**WHAT YOU SHOULD DO**
Below are some entries. Repeat exactly the lines from the one with "world_world.color = (0.05088, 0.05088, 0.05088)" through the one with "me_cube = bpy.data.meshes.new('Cube')", and only those.

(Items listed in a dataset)
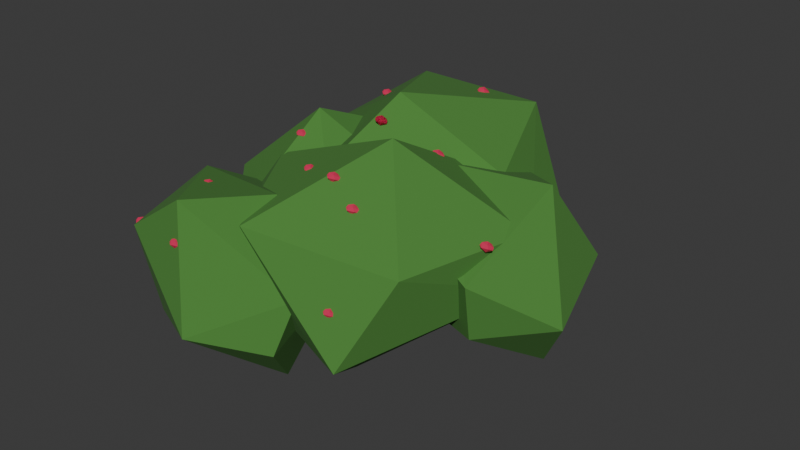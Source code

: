 # Source: Bush.blend  (saved by Blender 4.2.66; exported with 4.5.12 LTS)
import bpy
from mathutils import Matrix  # noqa: F401  (used for matrix-valued properties, if any)

bpy.ops.wm.read_factory_settings(use_empty=True)
scene = bpy.context.scene
scene.name = 'Scene'

# ---- collections
col_collection = bpy.data.collections.new('Collection'); scene.collection.children.link(col_collection)

# ---- materials (node trees are filled in below, after node groups)
mat_bush = bpy.data.materials.new('Bush')
mat_bush.alpha_threshold = 0.0
mat_bush.use_transparent_shadow = False
mat_bush.roughness = 0.5
mat_bush.line_color = (0.0, 0.0, 0.0, 1.0)
mat_berry = bpy.data.materials.new('Berry')

# ---- material node trees
mat_bush.use_nodes = True; mat_bush.node_tree.nodes.clear()
_N = mat_bush.node_tree.nodes; _L = mat_bush.node_tree.links
n0 = _N.new('ShaderNodeOutputMaterial'); n0.name = 'Material Output'; n0.location = (300, 300)
n1 = _N.new('ShaderNodeBsdfPrincipled'); n1.name = 'Principled BSDF'; n1.location = (10, 300)
n1.inputs[0].default_value = (0.07195, 0.2274, 0.04022, 1.0)
n1.inputs[2].default_value = 1.0
n1.inputs[3].default_value = 1.45
_L.new(n1.outputs[0], n0.inputs[0])
n0.is_active_output = True
mat_berry.use_nodes = True; mat_berry.node_tree.nodes.clear()
_N = mat_berry.node_tree.nodes; _L = mat_berry.node_tree.links
n0 = _N.new('ShaderNodeBsdfPrincipled'); n0.name = 'Principled BSDF'; n0.location = (10, 300)
n0.inputs[0].default_value = (0.8004, 0.03022, 0.1158, 1.0)
n1 = _N.new('ShaderNodeOutputMaterial'); n1.name = 'Material Output'; n1.location = (300, 300)
_L.new(n0.outputs[0], n1.inputs[0])
n1.is_active_output = True

# ---- world
world_world = bpy.data.worlds.new('World'); scene.world = world_world
world_world.use_nodes = True; world_world.node_tree.nodes.clear()
_N = world_world.node_tree.nodes; _L = world_world.node_tree.links
n0 = _N.new('ShaderNodeOutputWorld'); n0.name = 'World Output'; n0.location = (300, 300)
n1 = _N.new('ShaderNodeBackground'); n1.name = 'Background'; n1.location = (10, 300)
n1.inputs[0].default_value = (0.05088, 0.05088, 0.05088, 1.0)
_L.new(n1.outputs[0], n0.inputs[0])
n0.is_active_output = True
world_world.color = (0.05088, 0.05088, 0.05088)
world_world.sun_shadow_jitter_overblur = 0.0

# ---- meshes
me_cube = bpy.data.meshes.new('Cube')
me_cube.from_pydata([(0.02432, 0.1893, 0.1485), (0.001793, 0.2243, 0.07631), (0.07876, 0.1762, 0.03047), (-0.04017, 0.07943, 0.1738), (0.06122, 0.08896, 0.123), (0.08689, 0.0963, 0.0646), (0.03337, 0.03155, 0.02024), (-0.1717, 0.1471, 0.09785), (-0.1116, 0.2049, 0.1428), (-0.1032, 0.2555, 0.0533), (-0.06013, 0.1252, -0.03306), (-0.06576, -0.004728, 0.114), (-0.1067, 0.03325, 0.03893), (-0.1733, 0.141, 0.03976)], [], [(11, 12, 6, 4), (8, 3, 0), (13, 9, 10), (7, 11, 3), (10, 12, 13), (10, 6, 12), (8, 7, 3), (2, 5, 6), (2, 6, 10), (5, 2, 0, 4), (1, 2, 10, 9), (7, 13, 12, 11), (0, 2, 1), (7, 8, 9, 13), (4, 6, 5), (1, 9, 8, 0), (3, 11, 4), (0, 3, 4)])
_uv = me_cube.uv_layers.new(name='UVMap')
_uv.uv.foreach_set('vector', [0.5438, 0.9188, 0.4562, 0.9188, 0.4562, 0.8312, 0.5438, 0.6967, 0.7938, 0.5812, 0.7626, 0.6688, 0.5851, 0.5272, 0.125, 0.6064, 0.2062, 0.5, 0.2062, 0.6412, 0.5438, 0.1572, 0.5438, 0.0, 0.625, 0.08123, 0.2062, 0.6412, 0.2062, 0.75, 0.125, 0.6064, 0.2062, 0.6412, 0.2938, 0.701, 0.2062, 0.75, 0.558, 0.2358, 0.5438, 0.1572, 0.625, 0.08123, 0.4314, 0.5812, 0.4562, 0.6688, 0.2938, 0.701, 0.4314, 0.5812, 0.2938, 0.701, 0.2062, 0.6412, 0.4562, 0.6688, 0.4314, 0.5812, 0.5644, 0.4858, 0.5438, 0.6967, 0.2938, 0.5, 0.4314, 0.5812, 0.2062, 0.6412, 0.2062, 0.5, 0.5438, 0.1572, 0.4562, 0.1436, 0.4562, 0.0, 0.5438, 0.0, 0.5644, 0.4858, 0.4314, 0.5812, 0.4562, 0.4188, 0.5438, 0.1572, 0.558, 0.3312, 0.4562, 0.3312, 0.4562, 0.1436, 0.5438, 0.6967, 0.4562, 0.8312, 0.4562, 0.6688, 0.4562, 0.4188, 0.4562, 0.3312, 0.558, 0.3312, 0.5644, 0.4858, 0.625, 0.8876, 0.5438, 0.9188, 0.5438, 0.6967, 0.5851, 0.5272, 0.7626, 0.6688, 0.5438, 0.6967])
me_cube.materials.append(mat_bush)
me_cube.use_mirror_vertex_groups = False
me_cube.update()
me_cube_001 = bpy.data.meshes.new('Cube.001')
me_cube_001.from_pydata([(-0.02274, -0.01425, 0.05), (-0.06674, -0.01715, 0.006869), (-0.03068, -0.07532, -0.02455), (-0.04498, -0.0632, 0.1297), (-0.0001621, -0.09112, 0.06405), (-0.006077, -0.1126, 0.02207), (-0.051, -0.1621, 0.04408), (-0.1624, -0.0321, 0.11), (-0.1126, 0.01242, 0.08878), (-0.1446, 0.008024, 0.01961), (-0.1381, -0.1116, 0.01221), (-0.07619, -0.1345, 0.1417), (-0.1333, -0.1341, 0.1024), (-0.1844, -0.05796, 0.08318)], [], [(11, 12, 6, 4), (8, 3, 0), (13, 9, 10), (7, 11, 3), (10, 12, 13), (10, 6, 12), (8, 7, 3), (2, 5, 6), (2, 6, 10), (5, 2, 0, 4), (1, 2, 10, 9), (7, 13, 12, 11), (0, 2, 1), (7, 8, 9, 13), (4, 6, 5), (1, 9, 8, 0), (3, 11, 4), (0, 3, 4)])
_uv = me_cube_001.uv_layers.new(name='UVMap')
_uv.uv.foreach_set('vector', [0.5438, 0.9188, 0.4562, 0.9188, 0.4562, 0.8312, 0.5438, 0.6967, 0.7938, 0.5812, 0.7626, 0.6688, 0.5851, 0.5272, 0.125, 0.6064, 0.2062, 0.5, 0.2062, 0.6412, 0.5438, 0.1572, 0.5438, 0.0, 0.625, 0.08123, 0.2062, 0.6412, 0.2062, 0.75, 0.125, 0.6064, 0.2062, 0.6412, 0.2938, 0.701, 0.2062, 0.75, 0.558, 0.2358, 0.5438, 0.1572, 0.625, 0.08123, 0.4314, 0.5812, 0.4562, 0.6688, 0.2938, 0.701, 0.4314, 0.5812, 0.2938, 0.701, 0.2062, 0.6412, 0.4562, 0.6688, 0.4314, 0.5812, 0.5644, 0.4858, 0.5438, 0.6967, 0.2938, 0.5, 0.4314, 0.5812, 0.2062, 0.6412, 0.2062, 0.5, 0.5438, 0.1572, 0.4562, 0.1436, 0.4562, 0.0, 0.5438, 0.0, 0.5644, 0.4858, 0.4314, 0.5812, 0.4562, 0.4188, 0.5438, 0.1572, 0.558, 0.3312, 0.4562, 0.3312, 0.4562, 0.1436, 0.5438, 0.6967, 0.4562, 0.8312, 0.4562, 0.6688, 0.4562, 0.4188, 0.4562, 0.3312, 0.558, 0.3312, 0.5644, 0.4858, 0.625, 0.8876, 0.5438, 0.9188, 0.5438, 0.6967, 0.5851, 0.5272, 0.7626, 0.6688, 0.5438, 0.6967])
me_cube_001.materials.append(mat_bush)
me_cube_001.use_mirror_vertex_groups = False
me_cube_001.update()
me_cube_002 = bpy.data.meshes.new('Cube.002')
me_cube_002.from_pydata([(-0.07535, 0.04745, 0.008828), (-0.06195, 0.08017, 0.07785), (-0.1191, 0.01619, 0.1178), (0.008014, -0.03465, -0.0215), (-0.08458, -0.05282, 0.02664), (-0.1083, -0.05557, 0.08141), (-0.04413, -0.1037, 0.1186), (0.112, 0.05279, 0.05261), (0.04348, 0.09321, 0.01449), (0.0257, 0.1316, 0.1007), (0.01909, -0.000542, 0.1733), (0.0519, -0.1077, 0.02891), (0.08128, -0.06814, 0.1008), (0.1159, 0.04438, 0.1062)], [], [(11, 12, 6, 4), (8, 3, 0), (13, 9, 10), (7, 11, 3), (10, 12, 13), (10, 6, 12), (8, 7, 3), (2, 5, 6), (2, 6, 10), (5, 2, 0, 4), (1, 2, 10, 9), (7, 13, 12, 11), (0, 2, 1), (7, 8, 9, 13), (4, 6, 5), (1, 9, 8, 0), (3, 11, 4), (0, 3, 4)])
_uv = me_cube_002.uv_layers.new(name='UVMap')
_uv.uv.foreach_set('vector', [0.5438, 0.9188, 0.4562, 0.9188, 0.4562, 0.8312, 0.5438, 0.6967, 0.7938, 0.5812, 0.7626, 0.6688, 0.5851, 0.5272, 0.125, 0.6064, 0.2062, 0.5, 0.2062, 0.6412, 0.5438, 0.1572, 0.5438, 0.0, 0.625, 0.08123, 0.2062, 0.6412, 0.2062, 0.75, 0.125, 0.6064, 0.2062, 0.6412, 0.2938, 0.701, 0.2062, 0.75, 0.558, 0.2358, 0.5438, 0.1572, 0.625, 0.08123, 0.4314, 0.5812, 0.4562, 0.6688, 0.2938, 0.701, 0.4314, 0.5812, 0.2938, 0.701, 0.2062, 0.6412, 0.4562, 0.6688, 0.4314, 0.5812, 0.5644, 0.4858, 0.5438, 0.6967, 0.2938, 0.5, 0.4314, 0.5812, 0.2062, 0.6412, 0.2062, 0.5, 0.5438, 0.1572, 0.4562, 0.1436, 0.4562, 0.0, 0.5438, 0.0, 0.5644, 0.4858, 0.4314, 0.5812, 0.4562, 0.4188, 0.5438, 0.1572, 0.558, 0.3312, 0.4562, 0.3312, 0.4562, 0.1436, 0.5438, 0.6967, 0.4562, 0.8312, 0.4562, 0.6688, 0.4562, 0.4188, 0.4562, 0.3312, 0.558, 0.3312, 0.5644, 0.4858, 0.625, 0.8876, 0.5438, 0.9188, 0.5438, 0.6967, 0.5851, 0.5272, 0.7626, 0.6688, 0.5438, 0.6967])
me_cube_002.materials.append(mat_bush)
me_cube_002.use_mirror_vertex_groups = False
me_cube_002.update()
me_cube_003 = bpy.data.meshes.new('Cube.003')
me_cube_003.from_pydata([(0.1325, 0.1267, 0.05946), (0.0885, 0.1237, 0.01596), (0.1246, 0.06549, -0.01545), (0.1153, 0.07638, 0.1356), (0.1581, 0.03492, 0.04026), (0.1018, -0.008592, 0.03058), (0.04186, 0.152, 0.1012), (-0.02864, 0.1024, 0.09922), (0.01061, 0.1488, 0.02871), (0.01712, 0.02921, 0.0213), (0.03102, 0.06437, 0.1327), (0.1043, -0.01928, 0.08232), (0.02198, 0.006686, 0.1115), (-0.01567, 0.05254, 0.09898)], [], [(6, 3, 0), (0, 4, 2), (4, 3, 11), (4, 11, 5), (7, 8, 9), (10, 11, 3), (9, 12, 13), (9, 13, 7), (8, 7, 6), (2, 4, 5), (2, 5, 9), (13, 10, 7), (1, 2, 9, 8), (10, 13, 12, 11), (0, 2, 1), (11, 12, 9, 5), (0, 3, 4), (10, 3, 6, 7), (1, 8, 6, 0)])
_uv = me_cube_003.uv_layers.new(name='UVMap')
_uv.uv.foreach_set('vector', [0.7938, 0.5812, 0.7461, 0.6688, 0.5868, 0.5279, 0.5653, 0.4849, 0.4751, 0.6688, 0.4314, 0.5812, 0.5438, 0.75, 0.625, 0.8711, 0.4743, 0.8344, 0.375, 0.6688, 0.2938, 0.75, 0.2938, 0.6688, 0.125, 0.5812, 0.2062, 0.5, 0.2062, 0.6412, 0.5438, 0.08123, 0.5438, 0.0, 0.625, 0.08123, 0.2062, 0.6412, 0.2062, 0.75, 0.125, 0.6688, 0.2062, 0.6412, 0.125, 0.6688, 0.125, 0.5812, 0.4562, 0.3312, 0.4965, 0.1688, 0.5635, 0.3312, 0.4314, 0.5812, 0.4751, 0.6688, 0.2938, 0.6688, 0.4314, 0.5812, 0.2938, 0.6688, 0.2062, 0.6412, 0.4562, 0.08123, 0.5438, 0.08123, 0.4965, 0.1688, 0.2938, 0.5, 0.4314, 0.5812, 0.2062, 0.6412, 0.2062, 0.5, 0.5438, 0.08123, 0.4562, 0.08123, 0.4562, 0.0, 0.5438, 0.0, 0.5653, 0.4849, 0.4314, 0.5812, 0.4562, 0.4188, 0.2938, 0.75, 0.2062, 0.75, 0.2062, 0.6412, 0.2938, 0.6688, 0.5868, 0.5279, 0.7461, 0.6688, 0.4751, 0.6688, 0.5438, 0.08123, 0.625, 0.08123, 0.5635, 0.2302, 0.4965, 0.1688, 0.4562, 0.4188, 0.4562, 0.3312, 0.5635, 0.3312, 0.5653, 0.4849])
me_cube_003.materials.append(mat_bush)
me_cube_003.use_mirror_vertex_groups = False
me_cube_003.update()
me_cube_004 = bpy.data.meshes.new('Cube.004')
me_cube_004.from_pydata([(-0.02361, 0.02454, 0.02502), (-0.04196, -0.004887, 0.07604), (0.001397, 0.04114, 0.1169), (-0.08371, 0.09476, -0.001511), (-0.01472, 0.1026, 0.04625), (-0.001192, 0.1006, 0.09178), (-0.05384, 0.1391, 0.118), (-0.1758, 0.02536, 0.04155), (-0.1194, -0.007215, 0.01542), (-0.115, -0.04338, 0.08254), (-0.1125, 0.05676, 0.1487), (-0.1208, 0.1514, 0.03866), (-0.1522, 0.1171, 0.09001), (-0.1838, 0.02904, 0.0839)], [], [(11, 12, 6, 4), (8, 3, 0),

**SOLUTION FOR THIS EXERCISE**
world_world.color = (0.05088, 0.05088, 0.05088)
world_world.sun_shadow_jitter_overblur = 0.0

# ---- meshes
me_cube = bpy.data.meshes.new('Cube')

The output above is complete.